D’après le maire Vadnais, les terrains circonscrits dans l’une des ZP ainsi que dans certaines ZR appartiennent au même promoteur, ce qui freine l’intérêt d’autres promoteurs à acquérir des terrains en ZR. « Tant que les plans de développement de ce promoteur ne sont pas connus, personne ne veut acheter les ZR qui restent. Disons qu’avant qu’on ouvre des ZR pour d’autres entrepreneurs, on ne voit pas les années », se désole le premier magistrat de Saint-Liboire.
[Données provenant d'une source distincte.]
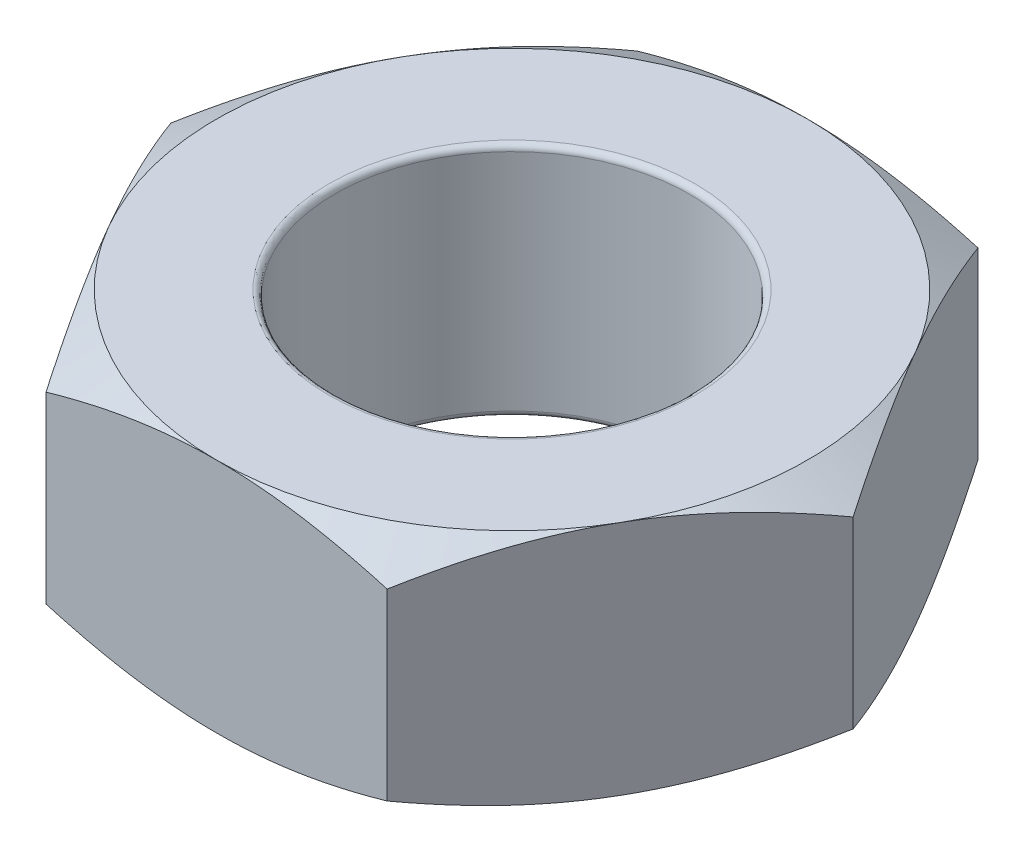
from build123d import *

# Parameters (mm, degrees)
SKETCH1_R           = 0.75
BOSS_EXTRUDE3_DEPTH = 1
SKETCH3_OUTSIDE_W   = 9.14
SKETCH3_OUTSIDE_H   = 8.754
SKETCH3_OUTSIDE_R   = 1.25
CUT_EXTRUDE1_DEPTH  = 1
CUT_EXTRUDE1_DRAFT  = -60
SKETCH4_OUTSIDE_W   = 9.14
SKETCH4_OUTSIDE_H   = 8.754
SKETCH4_OUTSIDE_R   = 1.25
CUT_EXTRUDE2_DEPTH  = 1
CUT_EXTRUDE2_DRAFT  = -60
FILLET1_R           = 0.025


with BuildPart() as part:
    # Sketch1 → Boss-Extrude3 (new body)
    with BuildSketch(Plane(origin=(0, 0, 0), x_dir=(1, 0, 0), z_dir=(0, 1, 0))):
        Polygon((-1.443375673, 0), (-0.721687836, -1.25), (0.721687836, -1.25), (1.443375673, 0), (0.721687836, 1.25), (-0.721687836, 1.25), align=None)
        with Locations(Location((0, 0, 0), (0, 0, 270))):
            Circle(SKETCH1_R, mode=Mode.SUBTRACT)
    extrude(amount=BOSS_EXTRUDE3_DEPTH)


with BuildPart() as cut_extrude1_tool:
    # Sketch3 outside → Cut-Extrude1 (with draft: the straight prism first)
    with BuildSketch(Plane(origin=(0, 1, 0), x_dir=(1, 0, 0), z_dir=(0, 1, 0))):
        Rectangle(SKETCH3_OUTSIDE_W, SKETCH3_OUTSIDE_H)
        Circle(SKETCH3_OUTSIDE_R, mode=Mode.SUBTRACT)
    extrude(amount=-CUT_EXTRUDE1_DEPTH)
    # Cut-Extrude1: the draft: its side faces are tilted about the plane it starts from
    cut_extrude1_sides = [cut_extrude1_tool.faces().sort_by_distance(p)[0] for p in [
        (0, 0.5, 4.377),
        (4.57, 0.5, 0),
        (0, 0.5, -4.377),
        (-4.57, 0.5, 0),
        (-1.25, 0.5, 0),
    ]]
    draft(cut_extrude1_sides, Plane(origin=(0, 1, 0), x_dir=(1, 0, 0), z_dir=(0, 1, 0)), CUT_EXTRUDE1_DRAFT)


with BuildPart() as part_1:
    add(part.part)

    # Cut-Extrude1: cut by cut_extrude1_tool
    add(cut_extrude1_tool.part, mode=Mode.SUBTRACT)


with BuildPart() as cut_extrude2_tool:
    # Sketch4 outside → Cut-Extrude2 (with draft: the straight prism first)
    with BuildSketch(Plane.XZ):
        Rectangle(SKETCH4_OUTSIDE_W, SKETCH4_OUTSIDE_H)
        Circle(SKETCH4_OUTSIDE_R, mode=Mode.SUBTRACT)
    extrude(amount=-CUT_EXTRUDE2_DEPTH)
    # Cut-Extrude2: the draft: its side faces are tilted about the plane it starts from
    cut_extrude2_sides = [cut_extrude2_tool.faces().sort_by_distance(p)[0] for p in [
        (0, 0.5, -4.377),
        (4.57, 0.5, 0),
        (0, 0.5, 4.377),
        (-4.57, 0.5, 0),
        (-1.25, 0.5, 0),
    ]]
    draft(cut_extrude2_sides, Plane.XZ, CUT_EXTRUDE2_DRAFT)


with BuildPart() as part_2:
    add(part_1.part)

    # Cut-Extrude2: cut by cut_extrude2_tool
    add(cut_extrude2_tool.part, mode=Mode.SUBTRACT)

    # Fillet1
    fillet1_edges = [part_2.edges().sort_by_distance(p)[0] for p in [
        (0, 0, -0.75),
        (0, 1, -0.75),
    ]]
    fillet(fillet1_edges, radius=FILLET1_R)


solid = part_2.part
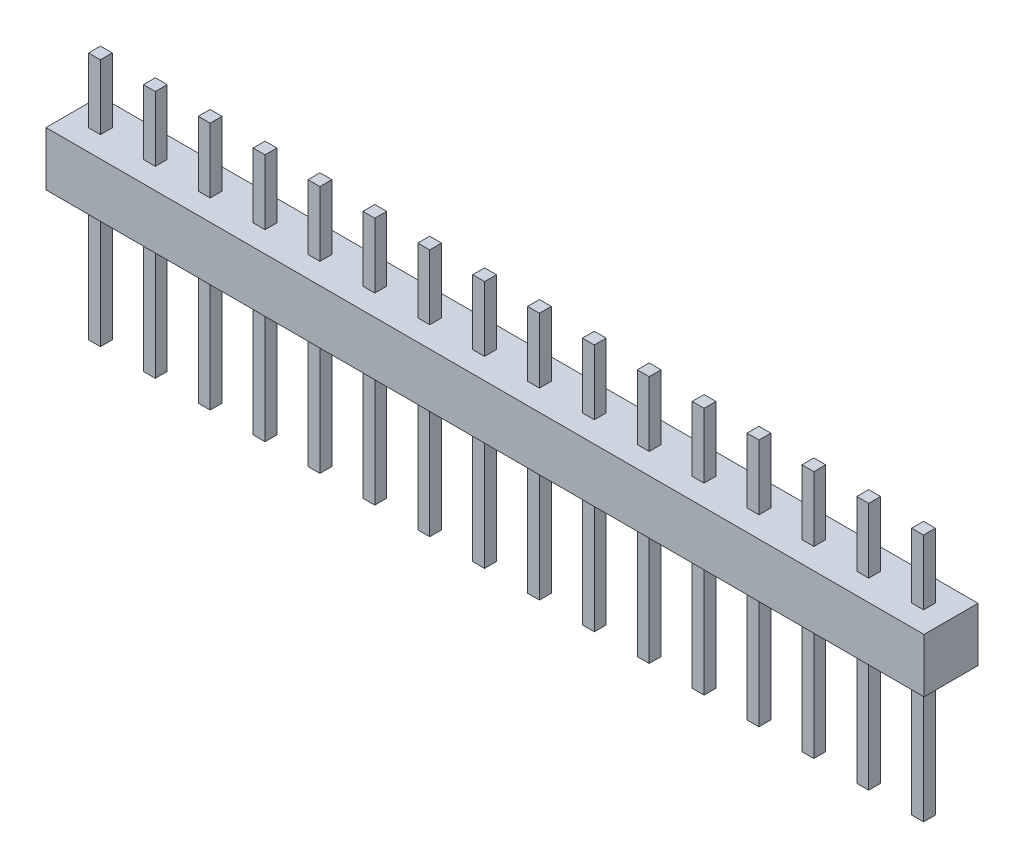
from build123d import *

# Parameters (mm, degrees)
SKETCH1_W              = 40.64
SKETCH1_H              = 2.5
BOSS_EXTRUDE1_DEPTH    = 1.25
SKETCH2_W              = 0.55
SKETCH2_H              = 0.55
BOSS_EXTRUDE2_DEPTH    = 6
BOSS_EXTRUDE2_2_DEPTH  = 6
BOSS_EXTRUDE2_3_DEPTH  = 6
BOSS_EXTRUDE2_4_DEPTH  = 6
BOSS_EXTRUDE2_5_DEPTH  = 6
BOSS_EXTRUDE2_6_DEPTH  = 6
BOSS_EXTRUDE2_7_DEPTH  = 6
BOSS_EXTRUDE2_8_DEPTH  = 6
BOSS_EXTRUDE2_9_DEPTH  = 6
BOSS_EXTRUDE2_10_DEPTH = 6
BOSS_EXTRUDE2_11_DEPTH = 6
BOSS_EXTRUDE2_12_DEPTH = 6
BOSS_EXTRUDE2_13_DEPTH = 6
BOSS_EXTRUDE2_14_DEPTH = 6
BOSS_EXTRUDE2_15_DEPTH = 6
BOSS_EXTRUDE2_16_DEPTH = 6
SKETCH2_2_W            = 0.55
SKETCH2_2_H            = 0.55
BOSS_EXTRUDE3_DEPTH    = 5.5
BOSS_EXTRUDE3_2_DEPTH  = 5.5
BOSS_EXTRUDE3_3_DEPTH  = 5.5
BOSS_EXTRUDE3_4_DEPTH  = 5.5
BOSS_EXTRUDE3_5_DEPTH  = 5.5
BOSS_EXTRUDE3_6_DEPTH  = 5.5
BOSS_EXTRUDE3_7_DEPTH  = 5.5
BOSS_EXTRUDE3_8_DEPTH  = 5.5
BOSS_EXTRUDE3_9_DEPTH  = 5.5
BOSS_EXTRUDE3_10_DEPTH = 5.5
BOSS_EXTRUDE3_11_DEPTH = 5.5
BOSS_EXTRUDE3_12_DEPTH = 5.5
BOSS_EXTRUDE3_13_DEPTH = 5.5
BOSS_EXTRUDE3_14_DEPTH = 5.5
BOSS_EXTRUDE3_15_DEPTH = 5.5
BOSS_EXTRUDE3_16_DEPTH = 5.5


with BuildPart() as part:
    # Sketch1 → Boss-Extrude1 (new, symmetric)
    with BuildSketch(Plane.XY):
        with Locations((20.32, 1.25)):
            Rectangle(SKETCH1_W, SKETCH1_H)
    extrude(amount=BOSS_EXTRUDE1_DEPTH, both=True)


with BuildPart() as body_2:
    # Sketch2 → Boss-Extrude2 (new body)
    with BuildSketch(Plane.XZ):
        with Locations((3.81, 0)):
            Rectangle(SKETCH2_W, SKETCH2_H)
    extrude(amount=BOSS_EXTRUDE2_DEPTH)


with BuildPart() as body_3:
    # Sketch2 → Boss-Extrude2 2 (new body)
    with BuildSketch(Plane.XZ):
        with Locations((1.27, 0)):
            Rectangle(SKETCH2_W, SKETCH2_H)
    extrude(amount=BOSS_EXTRUDE2_2_DEPTH)


with BuildPart() as body_4:
    # Sketch2 → Boss-Extrude2 3 (new body)
    with BuildSketch(Plane.XZ):
        with Locations((6.35, 0)):
            Rectangle(SKETCH2_W, SKETCH2_H)
    extrude(amount=BOSS_EXTRUDE2_3_DEPTH)


with BuildPart() as body_5:
    # Sketch2 → Boss-Extrude2 4 (new body)
    with BuildSketch(Plane.XZ):
        with Locations((8.89, 0)):
            Rectangle(SKETCH2_W, SKETCH2_H)
    extrude(amount=BOSS_EXTRUDE2_4_DEPTH)


with BuildPart() as body_6:
    # Sketch2 → Boss-Extrude2 5 (new body)
    with BuildSketch(Plane.XZ):
        with Locations((11.43, 0)):
            Rectangle(SKETCH2_W, SKETCH2_H)
    extrude(amount=BOSS_EXTRUDE2_5_DEPTH)


with BuildPart() as body_7:
    # Sketch2 → Boss-Extrude2 6 (new body)
    with BuildSketch(Plane.XZ):
        with Locations((13.97, 0)):
            Rectangle(SKETCH2_W, SKETCH2_H)
    extrude(amount=BOSS_EXTRUDE2_6_DEPTH)


with BuildPart() as body_8:
    # Sketch2 → Boss-Extrude2 7 (new body)
    with BuildSketch(Plane.XZ):
        with Locations((16.51, 0)):
            Rectangle(SKETCH2_W, SKETCH2_H)
    extrude(amount=BOSS_EXTRUDE2_7_DEPTH)


with BuildPart() as body_9:
    # Sketch2 → Boss-Extrude2 8 (new body)
    with BuildSketch(Plane.XZ):
        with Locations((19.05, 0)):
            Rectangle(SKETCH2_W, SKETCH2_H)
    extrude(amount=BOSS_EXTRUDE2_8_DEPTH)


with BuildPart() as body_10:
    # Sketch2 → Boss-Extrude2 9 (new body)
    with BuildSketch(Plane.XZ):
        with Locations((21.59, 0)):
            Rectangle(SKETCH2_W, SKETCH2_H)
    extrude(amount=BOSS_EXTRUDE2_9_DEPTH)


with BuildPart() as body_11:
    # Sketch2 → Boss-Extrude2 10 (new body)
    with BuildSketch(Plane.XZ):
        with Locations((24.13, 0)):
            Rectangle(SKETCH2_W, SKETCH2_H)
    extrude(amount=BOSS_EXTRUDE2_10_DEPTH)


with BuildPart() as body_12:
    # Sketch2 → Boss-Extrude2 11 (new body)
    with BuildSketch(Plane.XZ):
        with Locations((26.67, 0)):
            Rectangle(SKETCH2_W, SKETCH2_H)
    extrude(amount=BOSS_EXTRUDE2_11_DEPTH)


with BuildPart() as body_13:
    # Sketch2 → Boss-Extrude2 12 (new body)
    with BuildSketch(Plane.XZ):
        with Locations((29.21, 0)):
            Rectangle(SKETCH2_W, SKETCH2_H)
    extrude(amount=BOSS_EXTRUDE2_12_DEPTH)


with BuildPart() as body_14:
    # Sketch2 → Boss-Extrude2 13 (new body)
    with BuildSketch(Plane.XZ):
        with Locations((31.75, 0)):
            Rectangle(SKETCH2_W, SKETCH2_H)
    extrude(amount=BOSS_EXTRUDE2_13_DEPTH)


with BuildPart() as body_15:
    # Sketch2 → Boss-Extrude2 14 (new body)
    with BuildSketch(Plane.XZ):
        with Locations((34.29, 0)):
            Rectangle(SKETCH2_W, SKETCH2_H)
    extrude(amount=BOSS_EXTRUDE2_14_DEPTH)


with BuildPart() as body_16:
    # Sketch2 → Boss-Extrude2 15 (new body)
    with BuildSketch(Plane.XZ):
        with Locations((36.83, 0)):
            Rectangle(SKETCH2_W, SKETCH2_H)
    extrude(amount=BOSS_EXTRUDE2_15_DEPTH)


with BuildPart() as body_17:
    # Sketch2 → Boss-Extrude2 16 (new body)
    with BuildSketch(Plane.XZ):
        with Locations((39.37, 0)):
            Rectangle(SKETCH2_W, SKETCH2_H)
    extrude(amount=BOSS_EXTRUDE2_16_DEPTH)


with BuildPart() as body_18:
    # Sketch2<2> → Boss-Extrude3 (new body)
    with BuildSketch(Plane.XZ):
        with Locations((3.81, 0)):
            Rectangle(SKETCH2_2_W, SKETCH2_2_H)
    extrude(amount=-BOSS_EXTRUDE3_DEPTH)


with BuildPart() as body_19:
    # Sketch2<2> → Boss-Extrude3 2 (new body)
    with BuildSketch(Plane.XZ):
        with Locations((1.27, 0)):
            Rectangle(SKETCH2_2_W, SKETCH2_2_H)
    extrude(amount=-BOSS_EXTRUDE3_2_DEPTH)


with BuildPart() as body_20:
    # Sketch2<2> → Boss-Extrude3 3 (new body)
    with BuildSketch(Plane.XZ):
        with Locations((6.35, 0)):
            Rectangle(SKETCH2_2_W, SKETCH2_2_H)
    extrude(amount=-BOSS_EXTRUDE3_3_DEPTH)


with BuildPart() as body_21:
    # Sketch2<2> → Boss-Extrude3 4 (new body)
    with BuildSketch(Plane.XZ):
        with Locations((8.89, 0)):
            Rectangle(SKETCH2_2_W, SKETCH2_2_H)
    extrude(amount=-BOSS_EXTRUDE3_4_DEPTH)


with BuildPart() as body_22:
    # Sketch2<2> → Boss-Extrude3 5 (new body)
    with BuildSketch(Plane.XZ):
        with Locations((11.43, 0)):
            Rectangle(SKETCH2_2_W, SKETCH2_2_H)
    extrude(amount=-BOSS_EXTRUDE3_5_DEPTH)


with BuildPart() as body_23:
    # Sketch2<2> → Boss-Extrude3 6 (new body)
    with BuildSketch(Plane.XZ):
        with Locations((13.97, 0)):
            Rectangle(SKETCH2_2_W, SKETCH2_2_H)
    extrude(amount=-BOSS_EXTRUDE3_6_DEPTH)


with BuildPart() as body_24:
    # Sketch2<2> → Boss-Extrude3 7 (new body)
    with BuildSketch(Plane.XZ):
        with Locations((16.51, 0)):
            Rectangle(SKETCH2_2_W, SKETCH2_2_H)
    extrude(amount=-BOSS_EXTRUDE3_7_DEPTH)


with BuildPart() as body_25:
    # Sketch2<2> → Boss-Extrude3 8 (new body)
    with BuildSketch(Plane.XZ):
        with Locations((19.05, 0)):
            Rectangle(SKETCH2_2_W, SKETCH2_2_H)
    extrude(amount=-BOSS_EXTRUDE3_8_DEPTH)


with BuildPart() as body_26:
    # Sketch2<2> → Boss-Extrude3 9 (new body)
    with BuildSketch(Plane.XZ):
        with Locations((21.59, 0)):
            Rectangle(SKETCH2_2_W, SKETCH2_2_H)
    extrude(amount=-BOSS_EXTRUDE3_9_DEPTH)


with BuildPart() as body_27:
    # Sketch2<2> → Boss-Extrude3 10 (new body)
    with BuildSketch(Plane.XZ):
        with Locations((24.13, 0)):
            Rectangle(SKETCH2_2_W, SKETCH2_2_H)
    extrude(amount=-BOSS_EXTRUDE3_10_DEPTH)


with BuildPart() as body_28:
    # Sketch2<2> → Boss-Extrude3 11 (new body)
    with BuildSketch(Plane.XZ):
        with Locations((26.67, 0)):
            Rectangle(SKETCH2_2_W, SKETCH2_2_H)
    extrude(amount=-BOSS_EXTRUDE3_11_DEPTH)


with BuildPart() as body_29:
    # Sketch2<2> → Boss-Extrude3 12 (new body)
    with BuildSketch(Plane.XZ):
        with Locations((29.21, 0)):
            Rectangle(SKETCH2_2_W, SKETCH2_2_H)
    extrude(amount=-BOSS_EXTRUDE3_12_DEPTH)


with BuildPart() as body_30:
    # Sketch2<2> → Boss-Extrude3 13 (new body)
    with BuildSketch(Plane.XZ):
        with Locations((31.75, 0)):
            Rectangle(SKETCH2_2_W, SKETCH2_2_H)
    extrude(amount=-BOSS_EXTRUDE3_13_DEPTH)


with BuildPart() as body_31:
    # Sketch2<2> → Boss-Extrude3 14 (new body)
    with BuildSketch(Plane.XZ):
        with Locations((34.29, 0)):
            Rectangle(SKETCH2_2_W, SKETCH2_2_H)
    extrude(amount=-BOSS_EXTRUDE3_14_DEPTH)


with BuildPart() as body_32:
    # Sketch2<2> → Boss-Extrude3 15 (new body)
    with BuildSketch(Plane.XZ):
        with Locations((36.83, 0)):
            Rectangle(SKETCH2_2_W, SKETCH2_2_H)
    extrude(amount=-BOSS_EXTRUDE3_15_DEPTH)


with BuildPart() as body_33:
    # Sketch2<2> → Boss-Extrude3 16 (new body)
    with BuildSketch(Plane.XZ):
        with Locations((39.37, 0)):
            Rectangle(SKETCH2_2_W, SKETCH2_2_H)
    extrude(amount=-BOSS_EXTRUDE3_16_DEPTH)


solid = Compound([part.part, body_2.part, body_3.part, body_4.part, body_5.part, body_6.part, body_7.part, body_8.part, body_9.part, body_10.part, body_11.part, body_12.part, body_13.part, body_14.part, body_15.part, body_16.part, body_17.part, body_18.part, body_19.part, body_20.part, body_21.part, body_22.part, body_23.part, body_24.part, body_25.part, body_26.part, body_27.part, body_28.part, body_29.part, body_30.part, body_31.part, body_32.part, body_33.part])

La Municipalité pointe également du doigt les seuils minimaux de densification imposés par le Schéma d’aménagement révisé de la MRC des Maskoutains. Ceux-ci sont fixés à 16 logements par hectare jusqu’en 2026 et grimperont à 18 logements à l’hectare de 2027 à 2031.

« À 16 logements par hectare, nous pensons que c’est le maximum. L’un de nos quartiers atteint 16.1, selon nos calculs, et les terrains y sont vraiment petits. Les ZR qui restent ne sont pas très grandes, alors si nous sommes obligés de les ouvrir avec une densification à 16 ou plus, on va nuire à la beauté et à la quiétude de ces développements résidentiels », soutient le maire.

« Nos citoyens qui ont choisi notre municipalité veulent avoir une grandeur de terrain qui leur permet de faire des activités à la maison, sur leur propriété », avance le conseil municipal par voie de résolution.

La ministre du MAMH, Andrée Laforest, a récemment annoncé sa volonté de revoir le plan d’aménagement du territoire québécois afin qu’il corresponde davantage aux réalités des différents milieux de la province. Les élus de Saint-Liboire ont donc profité de l’opportunité pour adopter la résolution et en faire parvenir une copie directement au bureau de la ministre Laforest.

« Nous n’avons pas encore eu de retour des instances pour le moment. Mais je sais que nous ne sommes pas la seule Municipalité de la MRC des Maskoutains à vivre cette problématique », a souligné le maire Vadnais.

C’est pourquoi les conseillers municipaux enjoignent les municipalités touchées par l’orientation 10 ainsi que la MRC des Maskoutains à les appuyer dans leur démarche.